Massagno, Radice

Mit 8684 Einwohner:innen pro km2 liegt das Eingangs Lugano gelegene Massagno hinter der Stadt Genf auf dem zweiten Platz der am dichtesten besiedelten Gemeinden der Schweiz. Mit dem Verkauf der letzten grossen Liegenschaft – einer Villa mit grossem Umschwung mit zugehörigem Ökonomiegebäude –, begann ein Dialog zwischen den Bauherren, der Gemeinde und den Direktbetroffenen. Ein erstes Ziel war es, den Baumbestand der Residenz zu retten, ohne jedoch auf die Verdichtung verzichten zu müssen. Mit dem Resultat, dass die Gemeinde auf diesem privaten Grundstück einen öffentlichen Park und eine neue Quartierverbindung für den Langsamverkehr schaffen konnte.
Alain Beuret, Architekt und Raumplaner, EspaceSuisse

In die Höhe verdichten 

Im kommunalen Nutzungsplan war für die 16’000 m2 grosse Parzelle eine Dichte von 1,1 eingetragen, was einer Bruttobodenfläche von ungefähr 17’600 m2 entspricht. Die einfachste Option für die neue Besitzerin SwissLife hätte darin bestanden, das Herrenhaus und den Garten dem Erdboden gleichzumachen und flächendeckend ein neues Wohnquartier zu bauen. Dafür hätte ein einfaches Baugesuch ausgereicht. 

Bei der Prüfung verschiedener Varianten stiess der beauftragte Architekt Remo Leuzinger auf eine interessante Idee: Die Bauordnung der Gemeinde bot die Möglichkeit, einen Quartierplan zu erstellen, mit dem es in Absprache mit der Gemeinde erlaubt wäre, die für die Zone zugelassene Gebäudehöhe zu erhöhen. Dieses Planungsverfahren ist zwar aufwändiger, ermöglicht aber, von der ursprünglichen Maximalhöhe von 13 m abzuweichen. 

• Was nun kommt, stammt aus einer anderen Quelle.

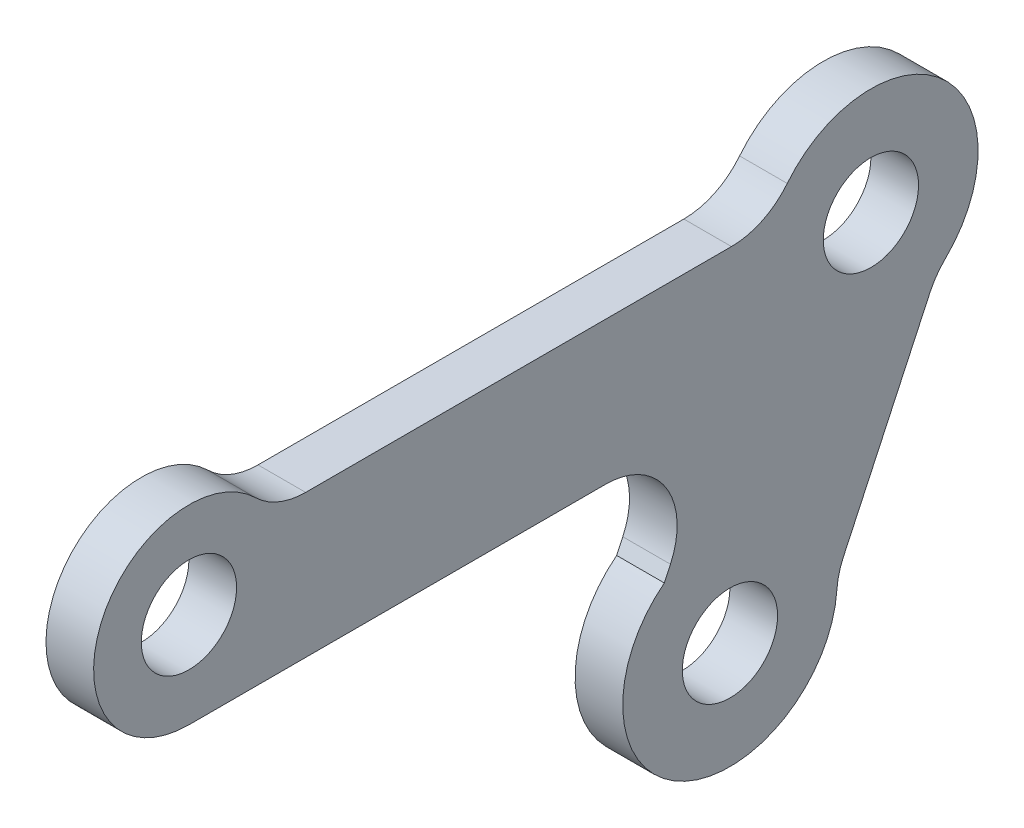
ISO-10303-21;
HEADER;
FILE_DESCRIPTION(('STEP AP214'),'2;1');
FILE_NAME('part.step','',(''),(''),'','','');
FILE_SCHEMA(('AUTOMOTIVE_DESIGN { 1 0 10303 214 1 1 1 1 }'));
ENDSEC;
DATA;
#1=APPLICATION_CONTEXT('core data for automotive mechanical design processes');
#2=APPLICATION_PROTOCOL_DEFINITION('international standard','automotive_design',2000,#1);
#3=PRODUCT_CONTEXT('',#1,'mechanical');
#4=PRODUCT('Part','Part','',(#3));
#5=PRODUCT_RELATED_PRODUCT_CATEGORY('part','',(#4));
#6=PRODUCT_DEFINITION_FORMATION('','',#4);
#7=PRODUCT_DEFINITION_CONTEXT('part definition',#1,'design');
#8=PRODUCT_DEFINITION('design','',#6,#7);
#9=PRODUCT_DEFINITION_SHAPE('','',#8);
#10=(LENGTH_UNIT() NAMED_UNIT(*) SI_UNIT(.MILLI.,.METRE.));
#11=(NAMED_UNIT(*) PLANE_ANGLE_UNIT() SI_UNIT($,.RADIAN.));
#12=(NAMED_UNIT(*) SI_UNIT($,.STERADIAN.) SOLID_ANGLE_UNIT());
#13=UNCERTAINTY_MEASURE_WITH_UNIT(LENGTH_MEASURE(1.E-05),#10,'distance_accuracy_value','');
#14=(GEOMETRIC_REPRESENTATION_CONTEXT(3) GLOBAL_UNCERTAINTY_ASSIGNED_CONTEXT((#13)) GLOBAL_UNIT_ASSIGNED_CONTEXT((#10,
#11,#12)) REPRESENTATION_CONTEXT('',''));
#15=CARTESIAN_POINT('',(0.,0.,0.));
#16=DIRECTION('',(0.,0.,1.));
#17=DIRECTION('',(1.,0.,0.));
#18=AXIS2_PLACEMENT_3D('',#15,#16,#17);
#19=CARTESIAN_POINT('',(0.,-2.,25.));
#20=DIRECTION('',(1.,0.,0.));
#21=DIRECTION('',(0.,0.,-1.));
#22=AXIS2_PLACEMENT_3D('',#19,#20,#21);
#23=PLANE('',#22);
#24=CARTESIAN_POINT('',(0.,-2.,25.));
#25=DIRECTION('',(1.,0.,0.));
#26=DIRECTION('',(0.,0.,-1.));
#27=AXIS2_PLACEMENT_3D('',#24,#25,#26);
#28=CIRCLE('',#27,2.);
#29=CARTESIAN_POINT('',(0.,-2.,23.));
#30=VERTEX_POINT('',#29);
#31=EDGE_CURVE('E438',#30,#30,#28,.T.);
#32=ORIENTED_EDGE('',*,*,#31,.T.);
#33=EDGE_LOOP('',(#32));
#34=FACE_BOUND('',#33,.T.);
#35=CARTESIAN_POINT('',(0.,-1.69047304696279,-3.62523114814653));
#36=DIRECTION('',(1.,0.,0.));
#37=DIRECTION('',(0.,0.,-1.));
#38=AXIS2_PLACEMENT_3D('',#35,#36,#37);
#39=CIRCLE('',#38,2.);
#40=CARTESIAN_POINT('',(0.,-1.69047304696279,-5.62523114814653));
#41=VERTEX_POINT('',#40);
#42=EDGE_CURVE('E434',#41,#41,#39,.T.);
#43=ORIENTED_EDGE('',*,*,#42,.T.);
#44=EDGE_LOOP('',(#43));
#45=FACE_BOUND('',#44,.T.);
#46=CARTESIAN_POINT('',(0.,-14.3787820654759,2.29142451622326));
#47=DIRECTION('',(1.,0.,0.));
#48=DIRECTION('',(0.,0.,-1.));
#49=AXIS2_PLACEMENT_3D('',#46,#47,#48);
#50=CIRCLE('',#49,2.);
#51=CARTESIAN_POINT('',(0.,-14.3787820654759,0.29142451622326));
#52=VERTEX_POINT('',#51);
#53=EDGE_CURVE('E426',#52,#52,#50,.T.);
#54=ORIENTED_EDGE('',*,*,#53,.T.);
#55=EDGE_LOOP('',(#54));
#56=FACE_BOUND('',#55,.T.);
#57=CARTESIAN_POINT('',(0.,-1.69047304696279,-3.62523114814653));
#58=DIRECTION('',(1.,0.,0.));
#59=DIRECTION('',(0.,0.,-1.));
#60=AXIS2_PLACEMENT_3D('',#57,#58,#59);
#61=CIRCLE('',#60,4.50000000000002);
#62=CARTESIAN_POINT('',(0.,-4.92965478602828,-6.74896315670695));
#63=VERTEX_POINT('',#62);
#64=CARTESIAN_POINT('',(0.,1.12381078121489,-0.113848723166622));
#65=VERTEX_POINT('',#64);
#66=EDGE_CURVE('E246',#63,#65,#61,.T.);
#67=ORIENTED_EDGE('',*,*,#66,.F.);
#68=CARTESIAN_POINT('',(0.,-7.08910927873859,-8.83145116241388));
#69=DIRECTION('',(1.,0.,0.));
#70=DIRECTION('',(0.,0.,-1.));
#71=AXIS2_PLACEMENT_3D('',#68,#69,#70);
#72=CIRCLE('',#71,3.);
#73=CARTESIAN_POINT('',(0.,-5.82125449351649,-6.11252780130393));
#74=VERTEX_POINT('',#73);
#75=EDGE_CURVE('E319',#63,#74,#72,.T.);
#76=ORIENTED_EDGE('',*,*,#75,.T.);
#77=DIRECTION('',(0.,-0.90630778703665,0.4226182617407));
#78=VECTOR('',#77,1.);
#79=CARTESIAN_POINT('',(0.,-3.38094609392561,-7.25046229629313));
#80=LINE('',#79,#78);
#81=CARTESIAN_POINT('',(0.,-13.6289467128478,-2.47174112691255));
#82=VERTEX_POINT('',#81);
#83=EDGE_CURVE('E259',#74,#82,#80,.T.);
#84=ORIENTED_EDGE('',*,*,#83,.T.);
#85=CARTESIAN_POINT('',(0.,-14.8968014980699,-5.1906644880225));
#86=DIRECTION('',(1.,0.,0.));
#87=DIRECTION('',(0.,0.,-1.));
#88=AXIS2_PLACEMENT_3D('',#85,#86,#87);
#89=CIRCLE('',#88,3.);
#90=CARTESIAN_POINT('',(0.,-14.6895937250323,-2.19782888632421));
#91=VERTEX_POINT('',#90);
#92=EDGE_CURVE('E313',#82,#91,#89,.T.);
#93=ORIENTED_EDGE('',*,*,#92,.T.);
#94=CARTESIAN_POINT('',(0.,-14.3787820654759,2.29142451622326));
#95=DIRECTION('',(1.,0.,0.));
#96=DIRECTION('',(0.,0.,-1.));
#97=AXIS2_PLACEMENT_3D('',#94,#95,#96);
#98=CIRCLE('',#97,4.50000000000002);
#99=CARTESIAN_POINT('',(0.,-10.8199076508771,5.0454057981339));
#100=VERTEX_POINT('',#99);
#101=EDGE_CURVE('E273',#100,#91,#98,.T.);
#102=ORIENTED_EDGE('',*,*,#101,.F.);
#103=DIRECTION('',(0.,-0.906307787036648,0.422618261740704));
#104=VECTOR('',#103,1.);
#105=CARTESIAN_POINT('',(0.,0.,0.));
#106=LINE('',#105,#104);
#107=CARTESIAN_POINT('',(0.,-10.2678547852221,4.78797931917258));
#108=VERTEX_POINT('',#107);
#109=EDGE_CURVE('E263',#108,#100,#106,.T.);
#110=ORIENTED_EDGE('',*,*,#109,.F.);
#111=CARTESIAN_POINT('',(0.,-9.00000000000001,7.50690268028253));
#112=DIRECTION('',(1.,0.,0.));
#113=DIRECTION('',(0.,0.,-1.));
#114=AXIS2_PLACEMENT_3D('',#111,#112,#113);
#115=CIRCLE('',#114,3.);
#116=CARTESIAN_POINT('',(0.,-6.,7.50690268028252));
#117=VERTEX_POINT('',#116);
#118=EDGE_CURVE('E236',#108,#117,#115,.T.);
#119=ORIENTED_EDGE('',*,*,#118,.T.);
#120=DIRECTION('',(0.,0.,-1.));
#121=VECTOR('',#120,1.);
#122=CARTESIAN_POINT('',(0.,-6.,25.));
#123=LINE('',#122,#121);
#124=CARTESIAN_POINT('',(0.,-5.99999999999999,25.));
#125=VERTEX_POINT('',#124);
#126=EDGE_CURVE('E227',#125,#117,#123,.T.);
#127=ORIENTED_EDGE('',*,*,#126,.F.);
#128=CARTESIAN_POINT('',(0.,-2.,25.));
#129=DIRECTION('',(1.,0.,0.));
#130=DIRECTION('',(0.,0.,-1.));
#131=AXIS2_PLACEMENT_3D('',#128,#129,#130);
#132=CIRCLE('',#131,3.99999999999999);
#133=CARTESIAN_POINT('',(0.,0.857142857142855,22.200583151105));
#134=VERTEX_POINT('',#133);
#135=EDGE_CURVE('E212',#134,#125,#132,.T.);
#136=ORIENTED_EDGE('',*,*,#135,.F.);
#137=CARTESIAN_POINT('',(0.,3.,20.1010205144337));
#138=DIRECTION('',(1.,0.,0.));
#139=DIRECTION('',(0.,0.,-1.));
#140=AXIS2_PLACEMENT_3D('',#137,#138,#139);
#141=CIRCLE('',#140,3.);
#142=CARTESIAN_POINT('',(0.,0.,20.1010205144337));
#143=VERTEX_POINT('',#142);
#144=EDGE_CURVE('E132',#134,#143,#141,.T.);
#145=ORIENTED_EDGE('',*,*,#144,.T.);
#146=DIRECTION('',(0.,0.,-1.));
#147=VECTOR('',#146,1.);
#148=CARTESIAN_POINT('',(0.,0.,25.));
#149=LINE('',#148,#147);
#150=CARTESIAN_POINT('',(0.,0.,2.22707289348664));
#151=VERTEX_POINT('',#150);
#152=EDGE_CURVE('E238',#143,#151,#149,.T.);
#153=ORIENTED_EDGE('',*,*,#152,.T.);
#154=CARTESIAN_POINT('',(0.,3.,2.22707289348664));
#155=DIRECTION('',(1.,0.,0.));
#156=DIRECTION('',(0.,0.,-1.));
#157=AXIS2_PLACEMENT_3D('',#154,#155,#156);
#158=CIRCLE('',#157,3.);
#159=EDGE_CURVE('E330',#151,#65,#158,.T.);
#160=ORIENTED_EDGE('',*,*,#159,.T.);
#161=EDGE_LOOP('',(#67,#76,#84,#93,#102,#110,#119,#127,#136,#145,#153,#160));
#162=FACE_BOUND('',#161,.T.);
#163=ADVANCED_FACE('F123',(#34,#45,#56,#162),#23,.F.);
#164=CARTESIAN_POINT('',(2.,-2.,25.));
#165=DIRECTION('',(1.,0.,0.));
#166=DIRECTION('',(0.,0.,-1.));
#167=AXIS2_PLACEMENT_3D('',#164,#165,#166);
#168=PLANE('',#167);
#169=CARTESIAN_POINT('',(2.,-2.,25.));
#170=DIRECTION('',(1.,0.,0.));
#171=DIRECTION('',(0.,0.,-1.));
#172=AXIS2_PLACEMENT_3D('',#169,#170,#171);
#173=CIRCLE('',#172,2.);
#174=CARTESIAN_POINT('',(2.,-2.,23.));
#175=VERTEX_POINT('',#174);
#176=EDGE_CURVE('E277',#175,#175,#173,.T.);
#177=ORIENTED_EDGE('',*,*,#176,.F.);
#178=EDGE_LOOP('',(#177));
#179=FACE_BOUND('',#178,.T.);
#180=CARTESIAN_POINT('',(2.,-1.69047304696279,-3.62523114814653));
#181=DIRECTION('',(1.,0.,0.));
#182=DIRECTION('',(0.,0.,-1.));
#183=AXIS2_PLACEMENT_3D('',#180,#181,#182);
#184=CIRCLE('',#183,2.);
#185=CARTESIAN_POINT('',(2.,-1.69047304696279,-5.62523114814653));
#186=VERTEX_POINT('',#185);
#187=EDGE_CURVE('E430',#186,#186,#184,.T.);
#188=ORIENTED_EDGE('',*,*,#187,.F.);
#189=EDGE_LOOP('',(#188));
#190=FACE_BOUND('',#189,.T.);
#191=CARTESIAN_POINT('',(2.,-14.3787820654759,2.29142451622326));
#192=DIRECTION('',(1.,0.,0.));
#193=DIRECTION('',(0.,0.,-1.));
#194=AXIS2_PLACEMENT_3D('',#191,#192,#193);
#195=CIRCLE('',#194,2.);
#196=CARTESIAN_POINT('',(2.,-14.3787820654759,0.29142451622326));
#197=VERTEX_POINT('',#196);
#198=EDGE_CURVE('E422',#197,#197,#195,.T.);
#199=ORIENTED_EDGE('',*,*,#198,.F.);
#200=EDGE_LOOP('',(#199));
#201=FACE_BOUND('',#200,.T.);
#202=DIRECTION('',(0.,-0.90630778703665,0.4226182617407));
#203=VECTOR('',#202,1.);
#204=CARTESIAN_POINT('',(2.,-3.38094609392561,-7.25046229629313));
#205=LINE('',#204,#203);
#206=CARTESIAN_POINT('',(2.,-5.82125449351649,-6.11252780130393));
#207=VERTEX_POINT('',#206);
#208=CARTESIAN_POINT('',(2.,-13.6289467128478,-2.47174112691255));
#209=VERTEX_POINT('',#208);
#210=EDGE_CURVE('E258',#207,#209,#205,.T.);
#211=ORIENTED_EDGE('',*,*,#210,.F.);
#212=CARTESIAN_POINT('',(2.,-7.08910927873859,-8.83145116241388));
#213=DIRECTION('',(1.,0.,0.));
#214=DIRECTION('',(0.,0.,-1.));
#215=AXIS2_PLACEMENT_3D('',#212,#213,#214);
#216=CIRCLE('',#215,3.);
#217=CARTESIAN_POINT('',(2.,-4.92965478602828,-6.74896315670695));
#218=VERTEX_POINT('',#217);
#219=EDGE_CURVE('E322',#207,#218,#216,.F.);
#220=ORIENTED_EDGE('',*,*,#219,.T.);
#221=CARTESIAN_POINT('',(2.,-1.69047304696279,-3.62523114814653));
#222=DIRECTION('',(1.,0.,0.));
#223=DIRECTION('',(0.,0.,-1.));
#224=AXIS2_PLACEMENT_3D('',#221,#222,#223);
#225=CIRCLE('',#224,4.50000000000002);
#226=CARTESIAN_POINT('',(2.,1.12381078121489,-0.113848723166622));
#227=VERTEX_POINT('',#226);
#228=EDGE_CURVE('E239',#218,#227,#225,.T.);
#229=ORIENTED_EDGE('',*,*,#228,.T.);
#230=CARTESIAN_POINT('',(2.,3.,2.22707289348664));
#231=DIRECTION('',(1.,0.,0.));
#232=DIRECTION('',(0.,0.,-1.));
#233=AXIS2_PLACEMENT_3D('',#230,#231,#232);
#234=CIRCLE('',#233,3.);
#235=CARTESIAN_POINT('',(2.,0.,2.22707289348664));
#236=VERTEX_POINT('',#235);
#237=EDGE_CURVE('E333',#227,#236,#234,.F.);
#238=ORIENTED_EDGE('',*,*,#237,.T.);
#239=DIRECTION('',(0.,0.,-1.));
#240=VECTOR('',#239,1.);
#241=CARTESIAN_POINT('',(2.,0.,25.));
#242=LINE('',#241,#240);
#243=CARTESIAN_POINT('',(2.,0.,20.1010205144337));
#244=VERTEX_POINT('',#243);
#245=EDGE_CURVE('E222',#244,#236,#242,.T.);
#246=ORIENTED_EDGE('',*,*,#245,.F.);
#247=CARTESIAN_POINT('',(2.,3.,20.1010205144337));
#248=DIRECTION('',(1.,0.,0.));
#249=DIRECTION('',(0.,0.,-1.));
#250=AXIS2_PLACEMENT_3D('',#247,#248,#249);
#251=CIRCLE('',#250,3.);
#252=CARTESIAN_POINT('',(2.,0.857142857142855,22.200583151105));
#253=VERTEX_POINT('',#252);
#254=EDGE_CURVE('E12',#244,#253,#251,.F.);
#255=ORIENTED_EDGE('',*,*,#254,.T.);
#256=CARTESIAN_POINT('',(2.,-2.,25.));
#257=DIRECTION('',(1.,0.,0.));
#258=DIRECTION('',(0.,0.,-1.));
#259=AXIS2_PLACEMENT_3D('',#256,#257,#258);
#260=CIRCLE('',#259,3.99999999999999);
#261=CARTESIAN_POINT('',(2.,-6.,25.));
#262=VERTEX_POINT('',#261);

Der Radice-Komplex hat einen öffentlichen Park mit einer neuen Quartierverbindung für den Langsamverkehr schaffen. Foto : Studio Remo Leuzinger

Ein Park für die Gemeinde 

Die Eigentümerin und der Architekt überzeugten die Gemeinde und den Kanton, auf dem Einzelgrundstück einen Quartierplan zuzulassen. Die Genehmigung wurde aber mit der Auflage verbunden, dass rund die Hälfte der Parzelle in einen öffentlich zugänglichen Park umgewandelt wird. Dieser «Deal» schaffte für alle Parteien Vorteile: Dank Erhöhung der Maximalhöhe kam die Eigentümerin zu Prestigewohnungen mit freiem Seeblick. Die Gemeinde ihrerseits erhielt eine neue öffentliche Grünanlage, die zum Allgemeinwohl beiträgt, ein klimafreundliches Umfeld schafft und letztlich auch noch neue Wege für den Langsamverkehr erschliesst. 

Dieses gemeinsame Vorgehen macht Sinn – Massagno ist eine sehr dicht besiedelte Gemeinde mit nur wenigen Grünflächen und aufgrund ihrer Lage neben der Autobahnausfahrt Lugano-Nord wird sie täglich von dichten Auto- und Schwerverkehr belagert. Jeder Quadratmeter mehr Grün bringt so eine verbesserte Wohnqualität. Unter den Städten mit mehr als 50’000 Einwohner:innen verzeichnet Lugano mit 617 Autos pro 1000 Einwohner:innen die meisten PW-Zulassungen in der Schweiz (Durchschnitt in den Schweizer Städten: 472). Folglich ist es fast nicht möglich Spazierwege durch Massagno zu finden, ohne ständig vom Strassenverkehr belästigt zu werden. 

Auf dem Weg zum Bahnhof 

Um die Einwohnerinnen und Einwohner dazu zu bewegen, den Langsamverkehr zu nutzen, sind Investitionen in nutzerfreundliche Alternativen notwendig. Der neue Park leistet seinen Beitrag dazu: Er ermöglicht eine angenehme und effiziente Fortbewegung abseits vom Strassenverkehr zwischen dem Arbeiterviertel im Norden (Via Generale Henri Guisan) und der Kreuzung der fünf Strassen im Süden der Gemeinde, wo sich Geschäfte, Restaurants und die Bushaltestelle befinden. Der Park bietet eine willkommene Atempause in den Quartieren zwischen zwei grossen Naherholungsgebieten der Agglomeration: dem Muzzanosee und dem Parco dei Tre Pini in Savosa. 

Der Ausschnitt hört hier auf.